Records for this task START
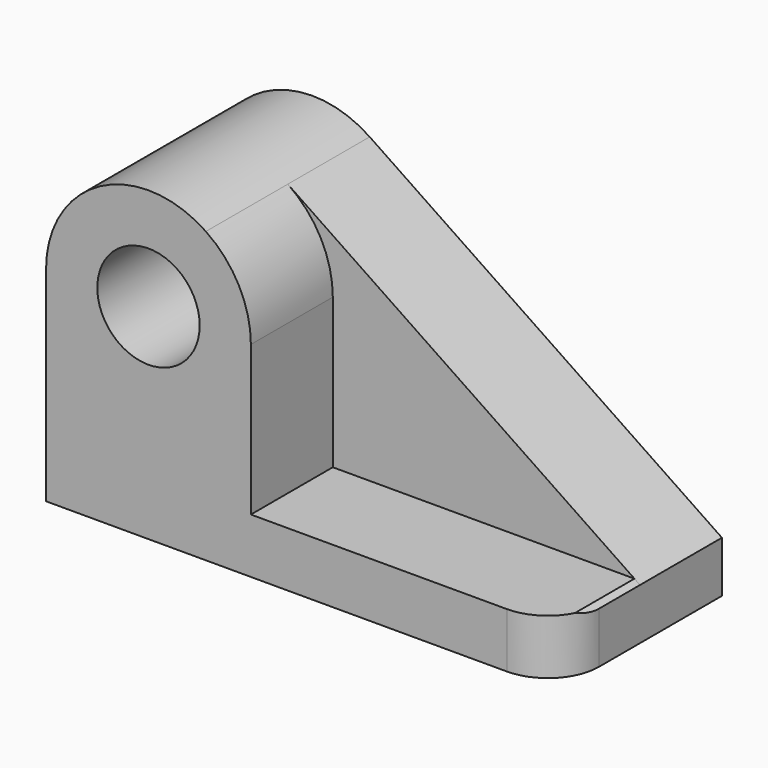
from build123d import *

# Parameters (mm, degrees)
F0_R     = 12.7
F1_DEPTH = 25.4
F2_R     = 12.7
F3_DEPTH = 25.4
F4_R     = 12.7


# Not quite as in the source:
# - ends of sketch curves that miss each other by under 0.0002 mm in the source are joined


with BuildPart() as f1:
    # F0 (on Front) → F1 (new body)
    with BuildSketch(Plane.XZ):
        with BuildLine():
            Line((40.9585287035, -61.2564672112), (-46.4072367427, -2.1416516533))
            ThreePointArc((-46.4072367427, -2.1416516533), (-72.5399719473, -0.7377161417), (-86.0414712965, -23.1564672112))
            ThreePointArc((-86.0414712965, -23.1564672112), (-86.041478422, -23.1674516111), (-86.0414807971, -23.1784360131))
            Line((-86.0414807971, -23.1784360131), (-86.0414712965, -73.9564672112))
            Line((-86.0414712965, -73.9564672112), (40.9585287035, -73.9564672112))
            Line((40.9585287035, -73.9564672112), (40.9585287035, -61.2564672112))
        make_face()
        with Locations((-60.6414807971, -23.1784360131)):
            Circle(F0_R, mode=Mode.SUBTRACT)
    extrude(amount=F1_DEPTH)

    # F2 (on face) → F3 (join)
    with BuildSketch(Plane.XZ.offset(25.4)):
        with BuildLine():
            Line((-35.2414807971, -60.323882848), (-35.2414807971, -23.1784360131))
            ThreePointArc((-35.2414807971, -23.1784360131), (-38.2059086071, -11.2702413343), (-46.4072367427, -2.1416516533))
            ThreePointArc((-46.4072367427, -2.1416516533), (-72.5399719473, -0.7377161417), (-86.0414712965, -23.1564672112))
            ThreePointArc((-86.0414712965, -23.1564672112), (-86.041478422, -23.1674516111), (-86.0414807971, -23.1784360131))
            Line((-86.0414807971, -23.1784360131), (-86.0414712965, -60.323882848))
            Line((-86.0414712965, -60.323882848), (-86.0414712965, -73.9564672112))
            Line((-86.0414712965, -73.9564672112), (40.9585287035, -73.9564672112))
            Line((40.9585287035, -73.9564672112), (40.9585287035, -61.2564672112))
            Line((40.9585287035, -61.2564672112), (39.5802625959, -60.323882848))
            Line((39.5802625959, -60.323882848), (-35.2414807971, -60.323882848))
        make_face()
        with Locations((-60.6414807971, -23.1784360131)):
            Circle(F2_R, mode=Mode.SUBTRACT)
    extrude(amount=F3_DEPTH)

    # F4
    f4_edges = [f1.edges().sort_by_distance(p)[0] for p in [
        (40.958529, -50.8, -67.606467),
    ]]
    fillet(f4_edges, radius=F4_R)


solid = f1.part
Records for this task END
Only the lines from the one containing "Circle(F2_R, mode=Mode.SUBTRACT)" through the end of the entries above should be written out, exactly and in full.

            Circle(F2_R, mode=Mode.SUBTRACT)
    extrude(amount=F3_DEPTH)

    # F4
    f4_edges = [f1.edges().sort_by_distance(p)[0] for p in [
        (40.958529, -50.8, -67.606467),
    ]]
    fillet(f4_edges, radius=F4_R)


solid = f1.part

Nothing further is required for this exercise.